What is required: Return exactly the lines below, starting with the one that has "#88=EDGE_CURVE('E154',#85,#87,#83,.T.);" and going on through the one that has "#100=LINE('',#99,#98);".

Record set:
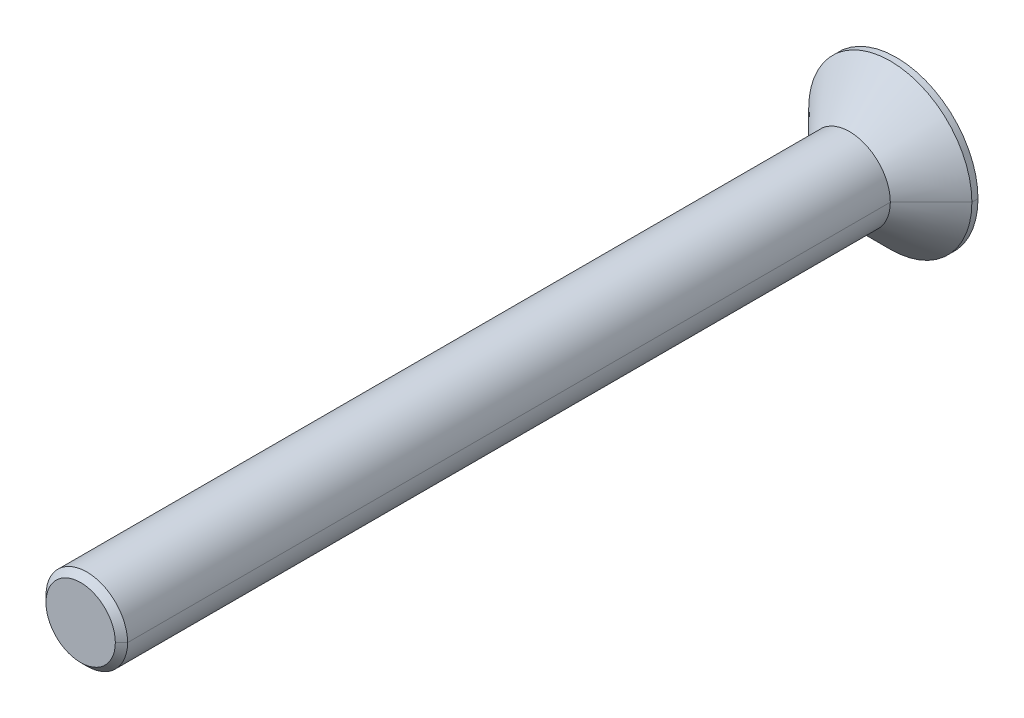
ISO-10303-21;
HEADER;
FILE_DESCRIPTION(('STEP AP214'),'2;1');
FILE_NAME('part.step','',(''),(''),'','','');
FILE_SCHEMA(('AUTOMOTIVE_DESIGN { 1 0 10303 214 1 1 1 1 }'));
ENDSEC;
DATA;
#1=APPLICATION_CONTEXT('core data for automotive mechanical design processes');
#2=APPLICATION_PROTOCOL_DEFINITION('international standard','automotive_design',2000,#1);
#3=PRODUCT_CONTEXT('',#1,'mechanical');
#4=PRODUCT('Part','Part','',(#3));
#5=PRODUCT_RELATED_PRODUCT_CATEGORY('part','',(#4));
#6=PRODUCT_DEFINITION_FORMATION('','',#4);
#7=PRODUCT_DEFINITION_CONTEXT('part definition',#1,'design');
#8=PRODUCT_DEFINITION('design','',#6,#7);
#9=PRODUCT_DEFINITION_SHAPE('','',#8);
#10=(LENGTH_UNIT() NAMED_UNIT(*) SI_UNIT(.MILLI.,.METRE.));
#11=(NAMED_UNIT(*) PLANE_ANGLE_UNIT() SI_UNIT($,.RADIAN.));
#12=(NAMED_UNIT(*) SI_UNIT($,.STERADIAN.) SOLID_ANGLE_UNIT());
#13=UNCERTAINTY_MEASURE_WITH_UNIT(LENGTH_MEASURE(1.E-05),#10,'distance_accuracy_value','');
#14=(GEOMETRIC_REPRESENTATION_CONTEXT(3) GLOBAL_UNCERTAINTY_ASSIGNED_CONTEXT((#13)) GLOBAL_UNIT_ASSIGNED_CONTEXT((#10,
#11,#12)) REPRESENTATION_CONTEXT('',''));
#15=CARTESIAN_POINT('',(0.,0.,0.));
#16=DIRECTION('',(0.,0.,1.));
#17=DIRECTION('',(1.,0.,0.));
#18=AXIS2_PLACEMENT_3D('',#15,#16,#17);
#19=CARTESIAN_POINT('',(0.,0.,-0.3));
#20=DIRECTION('',(0.,0.,-1.));
#21=DIRECTION('',(0.,-1.,0.));
#22=AXIS2_PLACEMENT_3D('',#19,#20,#21);
#23=PLANE('',#22);
#24=DIRECTION('',(-0.5,-0.866025403784439,0.));
#25=VECTOR('',#24,1.);
#26=CARTESIAN_POINT('',(1.44337567297406,0.,-0.3));
#27=LINE('',#26,#25);
#28=CARTESIAN_POINT('',(1.44337567297406,0.,-0.3));
#29=VERTEX_POINT('',#28);
#30=CARTESIAN_POINT('',(0.721687836487032,-1.25,-0.3));
#31=VERTEX_POINT('',#30);
#32=EDGE_CURVE('E124',#29,#31,#27,.T.);
#33=ORIENTED_EDGE('',*,*,#32,.T.);
#34=DIRECTION('',(-1.,0.,0.));
#35=VECTOR('',#34,1.);
#36=CARTESIAN_POINT('',(0.721687836487032,-1.25,-0.3));
#37=LINE('',#36,#35);
#38=CARTESIAN_POINT('',(-0.721687836487033,-1.25,-0.3));
#39=VERTEX_POINT('',#38);
#40=EDGE_CURVE('E11',#31,#39,#37,.T.);
#41=ORIENTED_EDGE('',*,*,#40,.T.);
#42=DIRECTION('',(-0.5,0.866025403784439,0.));
#43=VECTOR('',#42,1.);
#44=CARTESIAN_POINT('',(-0.721687836487033,-1.25,-0.3));
#45=LINE('',#44,#43);
#46=CARTESIAN_POINT('',(-1.44337567297406,0.,-0.3));
#47=VERTEX_POINT('',#46);
#48=EDGE_CURVE('E48',#39,#47,#45,.T.);
#49=ORIENTED_EDGE('',*,*,#48,.T.);
#50=DIRECTION('',(0.5,0.866025403784438,0.));
#51=VECTOR('',#50,1.);
#52=CARTESIAN_POINT('',(-1.44337567297406,0.,-0.3));
#53=LINE('',#52,#51);
#54=CARTESIAN_POINT('',(-0.721687836487032,1.25,-0.3));
#55=VERTEX_POINT('',#54);
#56=EDGE_CURVE('E98',#47,#55,#53,.T.);
#57=ORIENTED_EDGE('',*,*,#56,.T.);
#58=DIRECTION('',(1.,0.,0.));
#59=VECTOR('',#58,1.);
#60=CARTESIAN_POINT('',(-0.721687836487032,1.25,-0.3));
#61=LINE('',#60,#59);
#62=CARTESIAN_POINT('',(0.721687836487033,1.25,-0.3));
#63=VERTEX_POINT('',#62);
#64=EDGE_CURVE('E92',#55,#63,#61,.T.);
#65=ORIENTED_EDGE('',*,*,#64,.T.);
#66=DIRECTION('',(0.5,-0.866025403784439,0.));
#67=VECTOR('',#66,1.);
#68=CARTESIAN_POINT('',(0.721687836487033,1.25,-0.3));
#69=LINE('',#68,#67);
#70=EDGE_CURVE('E95',#63,#29,#69,.T.);
#71=ORIENTED_EDGE('',*,*,#70,.T.);
#72=EDGE_LOOP('',(#33,#41,#49,#57,#65,#71));
#73=FACE_BOUND('',#72,.T.);
#74=ADVANCED_FACE('F17',(#73),#23,.T.);
#75=CARTESIAN_POINT('',(0.721687836487032,-1.25,-0.3));
#76=DIRECTION('',(0.,-1.,0.));
#77=DIRECTION('',(-1.,0.,0.));
#78=AXIS2_PLACEMENT_3D('',#75,#76,#77);
#79=PLANE('',#78);
#80=DIRECTION('',(-1.,0.,0.));
#81=VECTOR('',#80,1.);
#82=CARTESIAN_POINT('',(0.721687836487032,-1.25,-2.3));
#83=LINE('',#82,#81);
#84=CARTESIAN_POINT('',(0.721687836487032,-1.25,-2.3));
#85=VERTEX_POINT('',#84);
#86=CARTESIAN_POINT('',(-0.721687836487033,-1.25,-2.3));
#87=VERTEX_POINT('',#86);
#88=EDGE_CURVE('E154',#85,#87,#83,.T.);
#89=ORIENTED_EDGE('',*,*,#88,.T.);
#90=DIRECTION('',(0.,0.,-1.));
#91=VECTOR('',#90,1.);
#92=CARTESIAN_POINT('',(-0.721687836487033,-1.25,-0.3));
#93=LINE('',#92,#91);
#94=EDGE_CURVE('E20',#39,#87,#93,.T.);
#95=ORIENTED_EDGE('',*,*,#94,.F.);
#96=ORIENTED_EDGE('',*,*,#40,.F.);
#97=DIRECTION('',(0.,0.,-1.));
#98=VECTOR('',#97,1.);
#99=CARTESIAN_POINT('',(0.721687836487032,-1.25,-0.3));
#100=LINE('',#99,#98);
#101=EDGE_CURVE('E158',#31,#85,#100,.T.);
#102=ORIENTED_EDGE('',*,*,#101,.T.);
#103=EDGE_LOOP('',(#89,#95,#96,#102));
#104=FACE_BOUND('',#103,.T.);
#105=ADVANCED_FACE('F160',(#104),#79,.F.);
#106=CARTESIAN_POINT('',(-0.721687836487033,-1.25,-0.3));
#107=DIRECTION('',(-0.866025403784439,-0.5,0.));
#108=DIRECTION('',(-0.5,0.866025403784439,0.));
#109=AXIS2_PLACEMENT_3D('',#106,#107,#108);
#110=PLANE('',#109);
#111=DIRECTION('',(-0.5,0.866025403784439,0.));
#112=VECTOR('',#111,1.);
#113=CARTESIAN_POINT('',(-0.721687836487033,-1.25,-2.3));
#114=LINE('',#113,#112);
#115=CARTESIAN_POINT('',(-1.44337567297406,0.,-2.3));
#116=VERTEX_POINT('',#115);
#117=EDGE_CURVE('E145',#87,#116,#114,.T.);
#118=ORIENTED_EDGE('',*,*,#117,.T.);
#119=DIRECTION('',(0.,0.,-1.));
#120=VECTOR('',#119,1.);
#121=CARTESIAN_POINT('',(-1.44337567297406,0.,-0.3));
#122=LINE('',#121,#120);
#123=EDGE_CURVE('E132',#47,#116,#122,.T.);
#124=ORIENTED_EDGE('',*,*,#123,.F.);
#125=ORIENTED_EDGE('',*,*,#48,.F.);
#126=ORIENTED_EDGE('',*,*,#94,.T.);
#127=EDGE_LOOP('',(#118,#124,#125,#126));
#128=FACE_BOUND('',#127,.T.);
#129=ADVANCED_FACE('F144',(#128),#110,.F.);
#130=CARTESIAN_POINT('',(-1.44337567297406,0.,-0.3));
#131=DIRECTION('',(-0.866025403784438,0.5,0.));
#132=DIRECTION('',(0.,0.,1.));
#133=AXIS2_PLACEMENT_3D('',#130,#131,#132);
#134=PLANE('',#133);
#135=DIRECTION('',(0.5,0.866025403784438,0.));
#136=VECTOR('',#135,1.);
#137=CARTESIAN_POINT('',(-1.44337567297406,0.,-2.3));
#138=LINE('',#137,#136);
#139=CARTESIAN_POINT('',(-0.721687836487032,1.25,-2.3));
#140=VERTEX_POINT('',#139);
#141=EDGE_CURVE('E156',#116,#140,#138,.T.);
#142=ORIENTED_EDGE('',*,*,#141,.T.);
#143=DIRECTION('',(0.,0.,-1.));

Solution for this exercise:
#88=EDGE_CURVE('E154',#85,#87,#83,.T.);
#89=ORIENTED_EDGE('',*,*,#88,.T.);
#90=DIRECTION('',(0.,0.,-1.));
#91=VECTOR('',#90,1.);
#92=CARTESIAN_POINT('',(-0.721687836487033,-1.25,-0.3));
#93=LINE('',#92,#91);
#94=EDGE_CURVE('E20',#39,#87,#93,.T.);
#95=ORIENTED_EDGE('',*,*,#94,.F.);
#96=ORIENTED_EDGE('',*,*,#40,.F.);
#97=DIRECTION('',(0.,0.,-1.));
#98=VECTOR('',#97,1.);
#99=CARTESIAN_POINT('',(0.721687836487032,-1.25,-0.3));
#100=LINE('',#99,#98);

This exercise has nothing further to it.